I just recently obtained three crayfish so I'll tell you how I maintain them. The water temp is around 78 degrees, I feed them very frequently with small portions, water conditions ph 7, kh3, gh11. If she will be the only cray in the 10 gallon then you don't need to make many hiding places. The only plant in my tank is some java moss to help in the filtering of water but others will do great as well. If you are going to put her in the new tank I would suggest filling the new one with the water from your 29 gallon. You don't want to be cycling the tank while you have a pregnant cray in there. If I were you, I would also pick up a cheap airpump with a sponge filter to keep the water circulating and somewhat filtered. One more thing about cycling, prior to my crays arriving I siphoned the pooop from my main tank and threw it in the new tank to aid in cycling since all the filters were new etc.

Good Luck


----------



## PiranhaStein (Feb 10, 2006)

thanks a bunch that's some good ideas and advice.


----------



## PiranhaStein (Feb 10, 2006)

well went to wally world(walmart) got myself a 10 gallon a 3 stage filter for up to 15 gallons, a 10-30 gallon heater and some nice blue green substrate gravel. Along with a air strip. hopefully she likes the new place, I put a cave in there for her and she went straight to it. Now i'm just wondering if I can get some guppies to put in there or will they threaten the new baby crawfish?


----------



## JerseyScape (Nov 18, 2005)

PiranhaStein said:


> well went to wally world(walmart) got myself a 10 gallon a 3 stage filter for up to 15 gallons, a 10-30 gallon heater and some nice blue green substrate gravel. Along with a air strip. hopefully she likes the new place, I put a cave in there for her and she went straight to it. Now i'm just wondering if I can get some guppies to put in there or will they threaten the new baby crawfish?

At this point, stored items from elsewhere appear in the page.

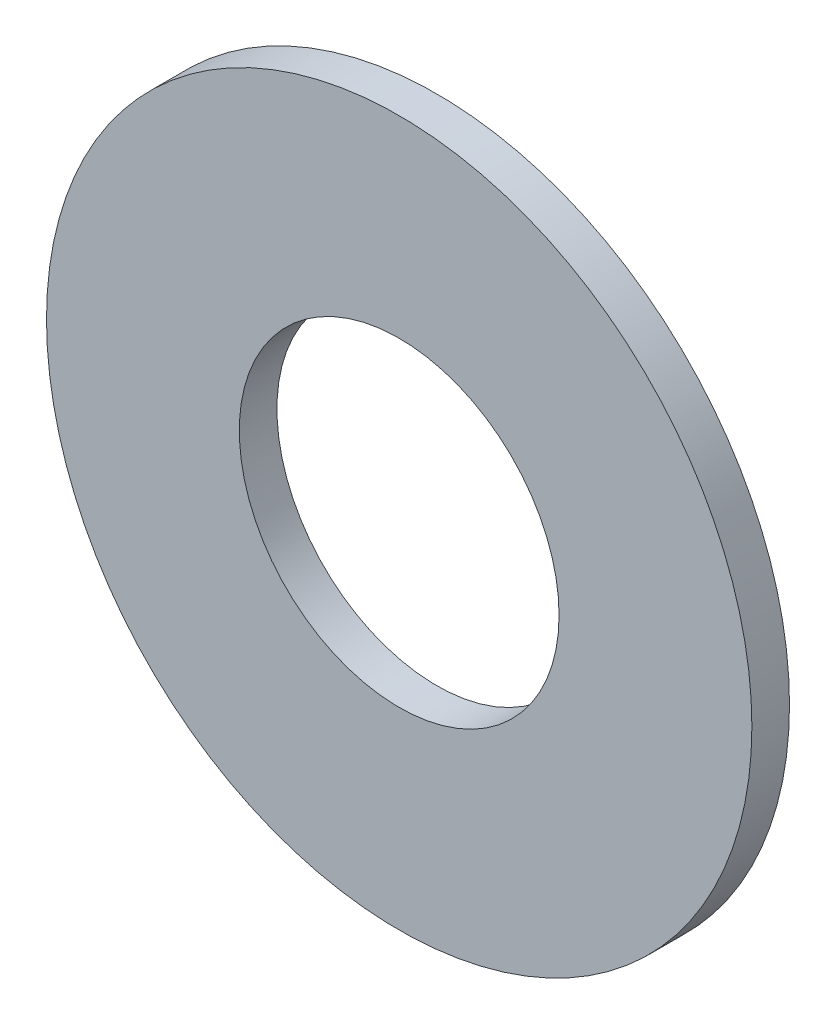
from build123d import *

# Parameters (mm, degrees)
SKETCH1_R      = 4.7625
SKETCH1_R_2    = 2.159
EXTRUDE1_DEPTH = 0.508


with BuildPart() as part:
    # Sketch1 → Extrude1 (new body)
    with BuildSketch(Plane.XY):
        Circle(SKETCH1_R)
        Circle(SKETCH1_R_2, mode=Mode.SUBTRACT)
    extrude(amount=-EXTRUDE1_DEPTH)


solid = part.part

I keep endlers with my crays and they don't pay any mind to eachother.


----------



## PiranhaStein (Feb 10, 2006)

i might pick some up on wensday.


----------



## JerseyScape (Nov 18, 2005)

How is the crayfish doing?


----------



## PiranhaStein (Feb 10, 2006)

she's doing alright defiently more lively now that she has some food in her. I'll get some pics up tommorw when i check her out again. She mustuv been starved from staying in the ship for so long so i'm glad she is eating and healthy. On her underside there are a couple of white eggs which i know are not going to hatch. I'm just trying to decide if and what I should get tommorw with the lps being everything half off. 

Here is the list at the moment
-brine shrimp eggs
-cichlid bio gold (4 p's)

I would like to get some plants in there for the fry to hide in but there is no light on top of the tank and I don't want whatever I get to die.

-probably some more decor for hiding spots

at the walmart a turkey baster for the brine shrimp

- The Algea wafers also (you guys use them right) by hikari

I can't think of anything else

I also might be getting a bigger tank for my piranha's, so I can start my cichlid tank so lighting will be the next thing I tackle in my 10 gallon.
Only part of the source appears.